Quando estava 4-5 no primeiro set, Cobolli lançou para o saque e teve que interromper suas ações quando o som de rolhas de champanhe estourando quebrou o silêncio educado. O árbitro Arnaud Gabas interveio e disse à multidão: ‘Senhoras e senhores, por favor, aproveitem suas bebidas. Mas espere até que o ponto acabe antes de abrir a garrafa. Parecia atirar gás lacrimogêneo contra hooligans em Wimbledon.
Foi tudo muito bobo, mas pareceu afetar o ritmo de Cobolli. Porque nos três pontos que se seguiram, ele cometeu dois erros não forçados, uma dupla falta e o set inicial resultante.
Eles trocaram intervalos no início do segundo set e estávamos no tiebreak. Fery venceu por 7-4 e já venceu todos os cinco desempates disputados aqui esta semana. Ele está no seu melhor quando é mais importante.
Se você olhar a classificação desses jogadores (10º contra 114º no mundo), o placar é ridículo. Quando você olha para a respectiva qualidade do tênis, faz todo o sentido.
Uma das vantagens de ser bolter no Gr é que não há muitas ideias de como jogar contra você em campo. Cobolli parecia não saber se estava tentando explodir Fery no tribunal ou esmagá-lo.
Ainda assim, não haveria reação de um finalista do Grand Slam no terceiro set? Em vez disso, testemunhamos a rendição. Fery, jogando de graça, derrubou-o.
Se tivéssemos que escolher um dos muitos pontos lindos que ele fez, vamos escolher esse ponto e ter uma vantagem de 5-0. Após uma troca básica, Cobolli chegou à rede e disparou um voleio de forehand na diagonal através da rede. Fery estava do outro lado da quadra e nem perto, mas correu pela grama e deslizou pela linha. Cobolli acertou um lob (o que não é uma má ideia contra um jogador menor), mas Fery fez o suficiente com um golpe.

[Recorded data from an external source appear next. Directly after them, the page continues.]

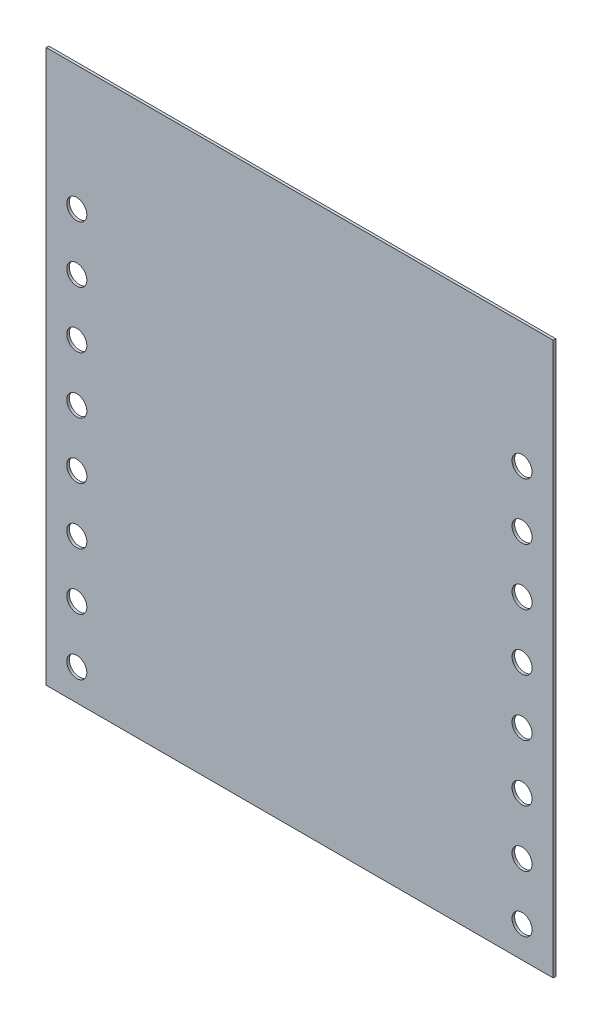
ISO-10303-21;
HEADER;
FILE_DESCRIPTION(('STEP AP214'),'2;1');
FILE_NAME('part.step','',(''),(''),'','','');
FILE_SCHEMA(('AUTOMOTIVE_DESIGN { 1 0 10303 214 1 1 1 1 }'));
ENDSEC;
DATA;
#1=APPLICATION_CONTEXT('core data for automotive mechanical design processes');
#2=APPLICATION_PROTOCOL_DEFINITION('international standard','automotive_design',2000,#1);
#3=PRODUCT_CONTEXT('',#1,'mechanical');
#4=PRODUCT('Part','Part','',(#3));
#5=PRODUCT_RELATED_PRODUCT_CATEGORY('part','',(#4));
#6=PRODUCT_DEFINITION_FORMATION('','',#4);
#7=PRODUCT_DEFINITION_CONTEXT('part definition',#1,'design');
#8=PRODUCT_DEFINITION('design','',#6,#7);
#9=PRODUCT_DEFINITION_SHAPE('','',#8);
#10=(LENGTH_UNIT() NAMED_UNIT(*) SI_UNIT(.MILLI.,.METRE.));
#11=(NAMED_UNIT(*) PLANE_ANGLE_UNIT() SI_UNIT($,.RADIAN.));
#12=(NAMED_UNIT(*) SI_UNIT($,.STERADIAN.) SOLID_ANGLE_UNIT());
#13=UNCERTAINTY_MEASURE_WITH_UNIT(LENGTH_MEASURE(1.E-05),#10,'distance_accuracy_value','');
#14=(GEOMETRIC_REPRESENTATION_CONTEXT(3) GLOBAL_UNCERTAINTY_ASSIGNED_CONTEXT((#13)) GLOBAL_UNIT_ASSIGNED_CONTEXT((#10,
#11,#12)) REPRESENTATION_CONTEXT('',''));
#15=CARTESIAN_POINT('',(0.,0.,0.));
#16=DIRECTION('',(0.,0.,1.));
#17=DIRECTION('',(1.,0.,0.));
#18=AXIS2_PLACEMENT_3D('',#15,#16,#17);
#19=CARTESIAN_POINT('',(0.,0.,0.11684));
#20=DIRECTION('',(0.,0.,-1.));
#21=DIRECTION('',(0.,-1.,0.));
#22=AXIS2_PLACEMENT_3D('',#19,#20,#21);
#23=PLANE('',#22);
#24=CARTESIAN_POINT('',(21.336,14.097,0.11684));
#25=DIRECTION('',(0.,0.,1.));
#26=DIRECTION('',(1.,0.,0.));
#27=AXIS2_PLACEMENT_3D('',#24,#25,#26);
#28=CIRCLE('',#27,0.4499991);
#29=CARTESIAN_POINT('',(21.7859991,14.097,0.11684));
#30=VERTEX_POINT('',#29);
#31=EDGE_CURVE('E27',#30,#30,#28,.T.);
#32=ORIENTED_EDGE('',*,*,#31,.F.);
#33=EDGE_LOOP('',(#32));
#34=FACE_BOUND('',#33,.T.);
#35=CARTESIAN_POINT('',(21.336,11.557,0.11684));
#36=DIRECTION('',(0.,0.,1.));
#37=DIRECTION('',(1.,0.,0.));
#38=AXIS2_PLACEMENT_3D('',#35,#36,#37);
#39=CIRCLE('',#38,0.4499991);
#40=CARTESIAN_POINT('',(21.7859991,11.557,0.11684));
#41=VERTEX_POINT('',#40);
#42=EDGE_CURVE('E143',#41,#41,#39,.T.);
#43=ORIENTED_EDGE('',*,*,#42,.F.);
#44=EDGE_LOOP('',(#43));
#45=FACE_BOUND('',#44,.T.);
#46=CARTESIAN_POINT('',(21.336,19.177,0.11684));
#47=DIRECTION('',(0.,0.,1.));
#48=DIRECTION('',(1.,0.,0.));
#49=AXIS2_PLACEMENT_3D('',#46,#47,#48);
#50=CIRCLE('',#49,0.4499991);
#51=CARTESIAN_POINT('',(21.7859991,19.177,0.11684));
#52=VERTEX_POINT('',#51);
#53=EDGE_CURVE('E289',#52,#52,#50,.T.);
#54=ORIENTED_EDGE('',*,*,#53,.F.);
#55=EDGE_LOOP('',(#54));
#56=FACE_BOUND('',#55,.T.);
#57=CARTESIAN_POINT('',(21.336,16.637,0.11684));
#58=DIRECTION('',(0.,0.,1.));
#59=DIRECTION('',(1.,0.,0.));
#60=AXIS2_PLACEMENT_3D('',#57,#58,#59);
#61=CIRCLE('',#60,0.4499991);
#62=CARTESIAN_POINT('',(21.7859991,16.637,0.11684));
#63=VERTEX_POINT('',#62);
#64=EDGE_CURVE('E192',#63,#63,#61,.T.);
#65=ORIENTED_EDGE('',*,*,#64,.F.);
#66=EDGE_LOOP('',(#65));
#67=FACE_BOUND('',#66,.T.);
#68=CARTESIAN_POINT('',(21.336,3.937,0.11684));
#69=DIRECTION('',(0.,0.,1.));
#70=DIRECTION('',(1.,0.,0.));
#71=AXIS2_PLACEMENT_3D('',#68,#69,#70);
#72=CIRCLE('',#71,0.4499991);
#73=CARTESIAN_POINT('',(21.7859991,3.937,0.11684));
#74=VERTEX_POINT('',#73);
#75=EDGE_CURVE('E212',#74,#74,#72,.T.);
#76=ORIENTED_EDGE('',*,*,#75,.F.);
#77=EDGE_LOOP('',(#76));
#78=FACE_BOUND('',#77,.T.);
#79=CARTESIAN_POINT('',(21.336,1.397,0.11684));
#80=DIRECTION('',(0.,0.,1.));
#81=DIRECTION('',(1.,0.,0.));
#82=AXIS2_PLACEMENT_3D('',#79,#80,#81);
#83=CIRCLE('',#82,0.4499991);
#84=CARTESIAN_POINT('',(21.7859991,1.397,0.11684));
#85=VERTEX_POINT('',#84);
#86=EDGE_CURVE('E366',#85,#85,#83,.T.);
#87=ORIENTED_EDGE('',*,*,#86,.F.);
#88=EDGE_LOOP('',(#87));
#89=FACE_BOUND('',#88,.T.);
#90=CARTESIAN_POINT('',(21.336,9.017,0.11684));
#91=DIRECTION('',(0.,0.,1.));
#92=DIRECTION('',(1.,0.,0.));
#93=AXIS2_PLACEMENT_3D('',#90,#91,#92);
#94=CIRCLE('',#93,0.4499991);
#95=CARTESIAN_POINT('',(21.7859991,9.017,0.11684));
#96=VERTEX_POINT('',#95);
#97=EDGE_CURVE('E330',#96,#96,#94,.T.);
#98=ORIENTED_EDGE('',*,*,#97,.F.);
#99=EDGE_LOOP('',(#98));
#100=FACE_BOUND('',#99,.T.);
#101=CARTESIAN_POINT('',(21.336,6.477,0.11684));
#102=DIRECTION('',(0.,0.,1.));
#103=DIRECTION('',(1.,0.,0.));
#104=AXIS2_PLACEMENT_3D('',#101,#102,#103);
#105=CIRCLE('',#104,0.4499991);
#106=CARTESIAN_POINT('',(21.7859991,6.477,0.11684));
#107=VERTEX_POINT('',#106);
#108=EDGE_CURVE('E169',#107,#107,#105,.T.);
#109=ORIENTED_EDGE('',*,*,#108,.F.);
#110=EDGE_LOOP('',(#109));
#111=FACE_BOUND('',#110,.T.);
#112=CARTESIAN_POINT('',(1.3716,14.097,0.11684));
#113=DIRECTION('',(0.,0.,1.));
#114=DIRECTION('',(1.,0.,0.));
#115=AXIS2_PLACEMENT_3D('',#112,#113,#114);
#116=CIRCLE('',#115,0.4499991);
#117=CARTESIAN_POINT('',(1.8215991,14.097,0.11684));
#118=VERTEX_POINT('',#117);
#119=EDGE_CURVE('E235',#118,#118,#116,.T.);
#120=ORIENTED_EDGE('',*,*,#119,.F.);
#121=EDGE_LOOP('',(#120));
#122=FACE_BOUND('',#121,.T.);
#123=CARTESIAN_POINT('',(1.3716,11.557,0.11684));
#124=DIRECTION('',(0.,0.,1.));
#125=DIRECTION('',(1.,0.,0.));
#126=AXIS2_PLACEMENT_3D('',#123,#124,#125);
#127=CIRCLE('',#126,0.4499991);
#128=CARTESIAN_POINT('',(1.8215991,11.557,0.11684));
#129=VERTEX_POINT('',#128);
#130=EDGE_CURVE('E309',#129,#129,#127,.T.);
#131=ORIENTED_EDGE('',*,*,#130,.F.);
#132=EDGE_LOOP('',(#131));
#133=FACE_BOUND('',#132,.T.);
#134=CARTESIAN_POINT('',(1.3716,19.177,0.11684));
#135=DIRECTION('',(0.,0.,1.));
#136=DIRECTION('',(1.,0.,0.));
#137=AXIS2_PLACEMENT_3D('',#134,#135,#136);
#138=CIRCLE('',#137,0.4499991);
#139=CARTESIAN_POINT('',(1.8215991,19.177,0.11684));
#140=VERTEX_POINT('',#139);
#141=EDGE_CURVE('E327',#140,#140,#138,.T.);
#142=ORIENTED_EDGE('',*,*,#141,.F.);
#143=EDGE_LOOP('',(#142));
#144=FACE_BOUND('',#143,.T.);
#145=CARTESIAN_POINT('',(1.3716,16.637,0.11684));
#146=DIRECTION('',(0.,0.,1.));
#147=DIRECTION('',(1.,0.,0.));
#148=AXIS2_PLACEMENT_3D('',#145,#146,#147);
#149=CIRCLE('',#148,0.4499991);
#150=CARTESIAN_POINT('',(1.8215991,16.637,0.11684));
#151=VERTEX_POINT('',#150);
#152=EDGE_CURVE('E76',#151,#151,#149,.T.);
#153=ORIENTED_EDGE('',*,*,#152,.F.);
#154=EDGE_LOOP('',(#153));
#155=FACE_BOUND('',#154,.T.);
#156=CARTESIAN_POINT('',(1.3716,3.937,0.11684));
#157=DIRECTION('',(0.,0.,1.));
#158=DIRECTION('',(1.,0.,0.));
#159=AXIS2_PLACEMENT_3D('',#156,#157,#158);
#160=CIRCLE('',#159,0.4499991);
#161=CARTESIAN_POINT('',(1.8215991,3.937,0.11684));
#162=VERTEX_POINT('',#161);
#163=EDGE_CURVE('E347',#162,#162,#160,.T.);
#164=ORIENTED_EDGE('',*,*,#163,.F.);
#165=EDGE_LOOP('',(#164));
#166=FACE_BOUND('',#165,.T.);
#167=CARTESIAN_POINT('',(1.3716,1.397,0.11684));
#168=DIRECTION('',(0.,0.,1.));
#169=DIRECTION('',(1.,0.,0.));
#170=AXIS2_PLACEMENT_3D('',#167,#168,#169);
#171=CIRCLE('',#170,0.4499991);
#172=CARTESIAN_POINT('',(1.8215991,1.397,0.11684));
#173=VERTEX_POINT('',#172);
#174=EDGE_CURVE('E314',#173,#173,#171,.T.);
#175=ORIENTED_EDGE('',*,*,#174,.F.);
#176=EDGE_LOOP('',(#175));
#177=FACE_BOUND('',#176,.T.);
#178=CARTESIAN_POINT('',(1.3716,9.017,0.11684));
#179=DIRECTION('',(0.,0.,1.));
#180=DIRECTION('',(1.,0.,0.));
#181=AXIS2_PLACEMENT_3D('',#178,#179,#180);
#182=CIRCLE('',#181,0.4499991);
#183=CARTESIAN_POINT('',(1.8215991,9.017,0.11684));
#184=VERTEX_POINT('',#183);
#185=EDGE_CURVE('E298',#184,#184,#182,.T.);
#186=ORIENTED_EDGE('',*,*,#185,.F.);
#187=EDGE_LOOP('',(#186));
#188=FACE_BOUND('',#187,.T.);
#189=CARTESIAN_POINT('',(1.3716,6.477,0.11684));
#190=DIRECTION('',(0.,0.,1.));
#191=DIRECTION('',(1.,0.,0.));
#192=AXIS2_PLACEMENT_3D('',#189,#190,#191);
#193=CIRCLE('',#192,0.4499991);
#194=CARTESIAN_POINT('',(1.8215991,6.477,0.11684));
#195=VERTEX_POINT('',#194);
#196=EDGE_CURVE('E357',#195,#195,#193,.T.);
#197=ORIENTED_EDGE('',*,*,#196,.F.);
#198=EDGE_LOOP('',(#197));
#199=FACE_BOUND('',#198,.T.);
#200=DIRECTION('',(1.,0.,0.));
#201=VECTOR('',#200,1.);
#202=CARTESIAN_POINT('',(0.,0.,0.11684));
#203=LINE('',#202,#201);
#204=CARTESIAN_POINT('',(0.,0.,0.11684));
#205=VERTEX_POINT('',#204);
#206=CARTESIAN_POINT('',(22.732999801636,0.,0.11684));
#207=VERTEX_POINT('',#206);
#208=EDGE_CURVE('E248',#205,#207,#203,.T.);
#209=ORIENTED_EDGE('',*,*,#208,.T.);
#210=DIRECTION('',(0.,1.,0.));
#211=VECTOR('',#210,1.);
#212=CARTESIAN_POINT('',(22.732999801636,0.,0.11684));
#213=LINE('',#212,#211);
#214=CARTESIAN_POINT('',(22.732999801636,24.764999389648,0.11684));
#215=VERTEX_POINT('',#214);
#216=EDGE_CURVE('E281',#207,#215,#213,.T.);
#217=ORIENTED_EDGE('',*,*,#216,.T.);
#218=DIRECTION('',(-1.,0.,0.));
#219=VECTOR('',#218,1.);
#220=CARTESIAN_POINT('',(22.732999801636,24.764999389648,0.11684));
#221=LINE('',#220,#219);
#222=CARTESIAN_POINT('',(0.,24.764999389648,0.11684));
#223=VERTEX_POINT('',#222);
#224=EDGE_CURVE('E286',#215,#223,#221,.T.);
#225=ORIENTED_EDGE('',*,*,#224,.T.);
#226=DIRECTION('',(0.,-1.,0.));
#227=VECTOR('',#226,1.);
#228=CARTESIAN_POINT('',(0.,24.764999389648,0.11684));
#229=LINE('',#228,#227);
#230=EDGE_CURVE('E285',#223,#205,#229,.T.);
#231=ORIENTED_EDGE('',*,*,#230,.T.);
#232=EDGE_LOOP('',(#209,#217,#225,#231));
#233=FACE_BOUND('',#232,.T.);
#234=ADVANCED_FACE('F16',(#34,#45,#56,#67,#78,#89,#100,#111,#122,#133,#144,#155,#166,#177,#188,
#199,#233),#23,.F.);
#235=CARTESIAN_POINT('',(0.,0.,0.));
#236=DIRECTION('',(0.,0.,-1.));
#237=DIRECTION('',(0.,-1.,0.));
#238=AXIS2_PLACEMENT_3D('',#235,#236,#237);
#239=PLANE('',#238);
#240=CARTESIAN_POINT('',(21.336,14.097,0.));
#241=DIRECTION('',(0.,0.,1.));
#242=DIRECTION('',(1.,0.,0.));
#243=AXIS2_PLACEMENT_3D('',#240,#241,#242);
#244=CIRCLE('',#243,0.4499991);
#245=CARTESIAN_POINT('',(21.7859991,14.097,0.));
#246=VERTEX_POINT('',#245);
#247=EDGE_CURVE('E11',#246,#246,#244,.T.);
#248=ORIENTED_EDGE('',*,*,#247,.T.);
#249=EDGE_LOOP('',(#248));
#250=FACE_BOUND('',#249,.T.);
#251=CARTESIAN_POINT('',(21.336,11.557,0.));
#252=DIRECTION('',(0.,0.,1.));
#253=DIRECTION('',(1.,0.,0.));
#254=AXIS2_PLACEMENT_3D('',#251,#252,#253);
#255=CIRCLE('',#254,0.4499991);
#256=CARTESIAN_POINT('',(21.7859991,11.557,0.));
#257=VERTEX_POINT('',#256);
#258=EDGE_CURVE('E132',#257,#257,#255,.T.);
#259=ORIENTED_EDGE('',*,*,#258,.T.);
#260=EDGE_LOOP('',(#259));
#261=FACE_BOUND('',#260,.T.);
#262=CARTESIAN_POINT('',(21.336,19.177,0.));
#263=DIRECTION('',(0.,0.,1.));
#264=DIRECTION('',(1.,0.,0.));
#265=AXIS2_PLACEMENT_3D('',#262,#263,#264);
#266=CIRCLE('',#265,0.4499991);
#267=CARTESIAN_POINT('',(21.7859991,19.177,0.));
#268=VERTEX_POINT('',#267);
#269=EDGE_CURVE('E277',#268,#268,#266,.T.);
#270=ORIENTED_EDGE('',*,*,#269,.T.);
#271=EDGE_LOOP('',(#270));
#272=FACE_BOUND('',#271,.T.);
#273=CARTESIAN_POINT('',(21.336,16.637,0.));
#274=DIRECTION('',(0.,0.,1.));
#275=DIRECTION('',(1.,0.,0.));
#276=AXIS2_PLACEMENT_3D('',#273,#274,#275);
#277=CIRCLE('',#276,0.4499991);
#278=CARTESIAN_POINT('',(21.7859991,16.637,0.));
#279=VERTEX_POINT('',#278);
#280=EDGE_CURVE('E201',#279,#279,#277,.T.);
#281=ORIENTED_EDGE('',*,*,#280,.T.);
#282=EDGE_LOOP('',(#281));
#283=FACE_BOUND('',#282,.T.);
#284=CARTESIAN_POINT('',(21.336,3.937,0.));
#285=DIRECTION('',(0.,0.,1.));
#286=DIRECTION('',(1.,0.,0.));
#287=AXIS2_PLACEMENT_3D('',#284,#285,#286);
#288=CIRCLE('',#287,0.4499991);
#289=CARTESIAN_POINT('',(21.7859991,3.937,0.));
#290=VERTEX_POINT('',#289);
#291=EDGE_CURVE('E310',#290,#290,#288,.T.);
#292=ORIENTED_EDGE('',*,*,#291,.T.);
#293=EDGE_LOOP('',(#292));
#294=FACE_BOUND('',#293,.T.);
#295=CARTESIAN_POINT('',(21.336,1.397,0.));
#296=DIRECTION('',(0.,0.,1.));
#297=DIRECTION('',(1.,0.,0.));
#298=AXIS2_PLACEMENT_3D('',#295,#296,#297);
#299=CIRCLE('',#298,0.4499991);
#300=CARTESIAN_POINT('',(21.7859991,1.397,0.));
#301=VERTEX_POINT('',#300);
#302=EDGE_CURVE('E273',#301,#301,#299,.T.);
#303=ORIENTED_EDGE('',*,*,#302,.T.);
#304=EDGE_LOOP('',(#303));
#305=FACE_BOUND('',#304,.T.);
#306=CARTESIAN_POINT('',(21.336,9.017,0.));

A rainha Camilla aplaudiu Perry do camarote real após sua vitória para continuar seu conto de fadas.
Enquanto sacava, Cobolli acertou a bola nele, que cortou a fita da rede e virou para o outro lado. Fery dança para a esquerda e acerta o vencedor. Ace selou a mão do amor.
Mesmo se você for ao National Ballet, não verá um jogo de pés assim. Foi um ótimo desempenho.